もちろん、何が起きたか分からずに、ただただ恐怖する人もいたはずだ。
「ははは、バカな魔物が自決したべ。これでこの村は守られたべ。村が守られたのはオラのおかげだべ」
「人狼は死んでないよ」
ボクは言い切る。
「何を言っているんだべ? 人狼は死んだべ」
「ほら、人狼の傷が回復しているでしょ?」
お腹の傷口は塞がり、矛もお腹から抜けていく。
「うわー、人狼の傷口がみるみるうちに回復していく」
「これで納得した?」
「カマテと村長を殺してなかったとしても、やっぱり魔物は魔物だべ!!」
「「「そうだ、そうだ!! 血も涙もないんだ!!」」」
一人の村人が叫ぶと、他の村人も同調し始める。
「人狼のことを知りもしないで、なんでそんなことが言い切れるんだよ!!」
ボクは必死に抵抗をする。
「逆にお前は人狼の何を知っているんだべ?」
「この村に寄る前に、人狼と過ごした人がいるんだけど、その人が言っていたよ。この人狼は優しいって!!」
「それはその人の感想だべ!!」
「そうだよ、感想だよ」
ボクはその通りだとうなずく。
「そんなの信じられないべ」
「「「そうだ、そうだ」」」
「でもさ、人狼を知ろうともしないで、人狼を悪だと決めつけている人たちよりは信じられる!!」
ボクは言い切った。
「ぐっ……」
押し黙る村人たち。
「でも、根拠がないなら、信じられないべ」
「根拠ならあるよ」
「何だべ?」
「よく考えてみてよ。人狼は最初から、全員を眠らせることができたんだよ。寝ている間に誘拐するなり監禁するなりできたはずなのに、それをしなかった」
「それだけじゃ優しいと言えないべ!!」
「確かにそうだ。でも、この人狼、誰にでも変身できるんだよ。やろうと思えば、一瞬でアリアもボクも倒せる力を持っているんだ。アリアもボクも致命傷を負ってないのが優しい証拠だよ」
「……そうかもしれないべ」
納得しかける村長の座を奪おうとしている村人。
「それなら、人狼を信じてよ」
「それでも、魔物は駆逐するべきだべ」
「そうだ、駆逐しろ!!」「駆逐しろ!!」「駆逐しろ!!」「駆逐しろ!!」「駆逐しろ!!」「駆逐しろ!!」「駆逐しろ!!」
いつのまにか、コールが巻き起こり、石を投げる人も出てきた。
「いいのだ、サイレント。これで」
諦めの悲し気な表情でボクにだけ聞こえるようにいう人狼。
「そうやって、君は死に場所を探していたんだね?」
ボクは人狼だけに聞こえるような声で尋ねた。
「その通りなのだ。四天王になっても、魔族からは元人間だと軽蔑された。死に場所を探したわっちは、人間界に来てみたが、やはり、人間界でもわっちの居場所などないのだ。
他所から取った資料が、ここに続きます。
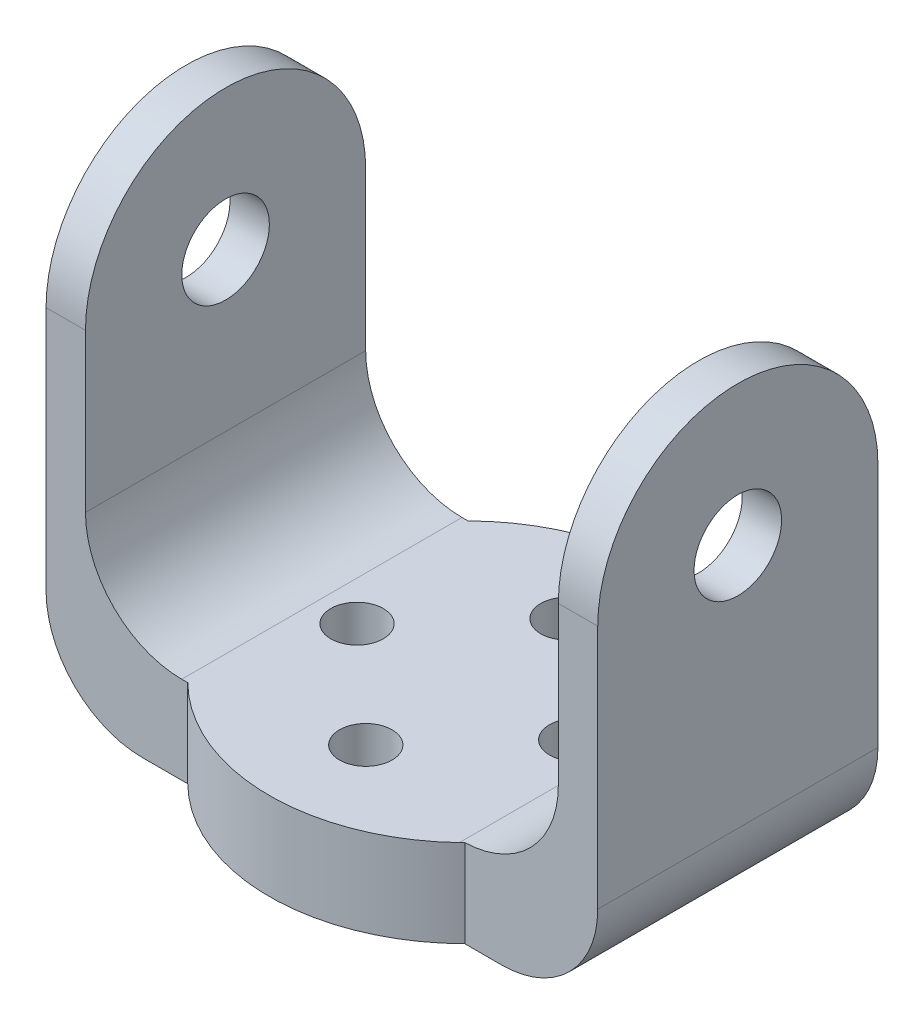
from build123d import *

# Parameters (mm, degrees)
BOSS_EXTRUDE1_DEPTH     = 32
SKETCH2_R               = 22.5
BOSS_EXTRUDE4_DEPTH     = 10
CUT_EXTRUDE1_DEPTH      = 80.029560932
CUT_EXTRUDE1_DEPTH_BACK = 80.029560932
SKETCH3_R               = 5
FILLET3_R               = 11
FILLET4_RADIUS          = 16
FILLET4_LENGTH          = 4.5
FILLET5_RADIUS          = 16
FILLET5_LENGTH          = 4.5
CUT_EXTRUDE2_DEPTH      = 74.711106836
CUT_EXTRUDE2_DEPTH_BACK = 74.711106836
SKETCH4_R               = 3


with BuildPart() as part:
    # Sketch1 → Boss-Extrude1 (new body)
    with BuildSketch(Plane.XY):
        Polygon((-19.112903226, 28.185483871), (-19.112903226, -26.814516129), (43.887096774, -26.814516129), (43.887096774, 28.185483871), (39.387096774, 28.185483871), (39.387096774, -16.814516129), (-14.612903226, -16.814516129), (-14.612903226, 28.185483871), align=None)
    extrude(amount=BOSS_EXTRUDE1_DEPTH)

    # Sketch2 → Boss-Extrude4 (add)
    with BuildSketch(Plane.XZ.offset(26.814516129)):
        with Locations((12.887096774, 16)):
            Circle(SKETCH2_R)
    extrude(amount=-BOSS_EXTRUDE4_DEPTH)

    # Sketch3 → Cut-Extrude1 (cut, two sides: drawn at the far end of the back side and taken through both)
    with BuildSketch(Plane(origin=(43.887096774, 0, 0), x_dir=(0, 0, -1), z_dir=(1, 0, 0)).offset(-CUT_EXTRUDE1_DEPTH_BACK)):
        with Locations(Location((-16, 12.185483871, 0), (0, 0, 90))):
            Circle(SKETCH3_R)
    extrude(amount=CUT_EXTRUDE1_DEPTH + CUT_EXTRUDE1_DEPTH_BACK, mode=Mode.SUBTRACT)

    # Fillet3
    fillet3_edges = [part.edges().sort_by_distance(p)[0] for p in [
        (-14.612903226, -16.814516129, 16),
        (39.387096774, -16.814516129, 16),
        (43.887096774, -26.814516129, 16),
        (-19.112903226, -26.814516129, 16),
    ]]
    fillet(fillet3_edges, radius=FILLET3_R)

    # Fillet4: full round fillet: the end face becomes a half cylinder, R = half its width
    fillet4_face = Plane((41.637096774, 28.185483871, 16), x_dir=(1, 0, 0), z_dir=(0, 1, 0))  # on the end face: x along it, z out of the body
    fillet4_slab = fillet4_face.offset(-FILLET4_RADIUS / 2) * Box(FILLET4_LENGTH, 2 * FILLET4_RADIUS, FILLET4_RADIUS, mode=Mode.PRIVATE)  # the body's end, R deep
    fillet4_round = Plane((41.637096774, 12.185483871, 16), x_dir=(0, 1, 0), z_dir=(1, 0, 0)) * Cylinder(FILLET4_RADIUS, FILLET4_LENGTH, mode=Mode.PRIVATE)  # its axis R under the face
    add(fillet4_slab - fillet4_round, mode=Mode.SUBTRACT)

    # Fillet5: full round fillet: the end face becomes a half cylinder, R = half its width
    fillet5_face = Plane((-16.862903226, 28.185483871, 16), x_dir=(-1, 0, 0), z_dir=(0, 1, 0))  # on the end face: x along it, z out of the body
    fillet5_slab = fillet5_face.offset(-FILLET5_RADIUS / 2) * Box(FILLET5_LENGTH, 2 * FILLET5_RADIUS, FILLET5_RADIUS, mode=Mode.PRIVATE)  # the body's end, R deep
    fillet5_round = Plane((-16.862903226, 12.185483871, 16), x_dir=(0, 1, 0), z_dir=(-1, 0, 0)) * Cylinder(FILLET5_RADIUS, FILLET5_LENGTH, mode=Mode.PRIVATE)  # its axis R under the face
    add(fillet5_slab - fillet5_round, mode=Mode.SUBTRACT)

    # Sketch4 → Cut-Extrude2 (cut, two sides: drawn at the far end of the back side and taken through both)
    with BuildSketch(Plane(origin=(0, -16.814516129, 0), x_dir=(1, 0, 0), z_dir=(0, 1, 0)).offset(-CUT_EXTRUDE2_DEPTH_BACK)):
        with Locations(Location((12.387096774, -4.010421192, 0), (0, 0, 180))):
            Circle(SKETCH4_R)
        with Locations(Location((24.876675582, -15.5, 0), (0, 0, 180))):
            Circle(SKETCH4_R)
        with Locations(Location((13.387096774, -27.989578808, 0), (0, 0, 180))):
            Circle(SKETCH4_R)
        with Locations(Location((0.897517966, -16.5, 0), (0, 0, 180))):
            Circle(SKETCH4_R)
    extrude(amount=CUT_EXTRUDE2_DEPTH + CUT_EXTRUDE2_DEPTH_BACK, mode=Mode.SUBTRACT)


solid = part.part

これでいいのだ」
最初から誰かに殺されるつもりだたのか。
だから、ボクが戦った時に、抵抗しなかった上に、殺し方まで教えてくれたんだ。
「やめて! 人狼のおねえちゃんを殺さないで!!」
車いすに乗りながら、大きく手を広げ戦いを止めようとしたのはカマテだった。
忙しい人のためのまとめ話
サイレント、人狼は優しいと断言する。
村人たちは人狼を排除しようとするが、カマテが止める。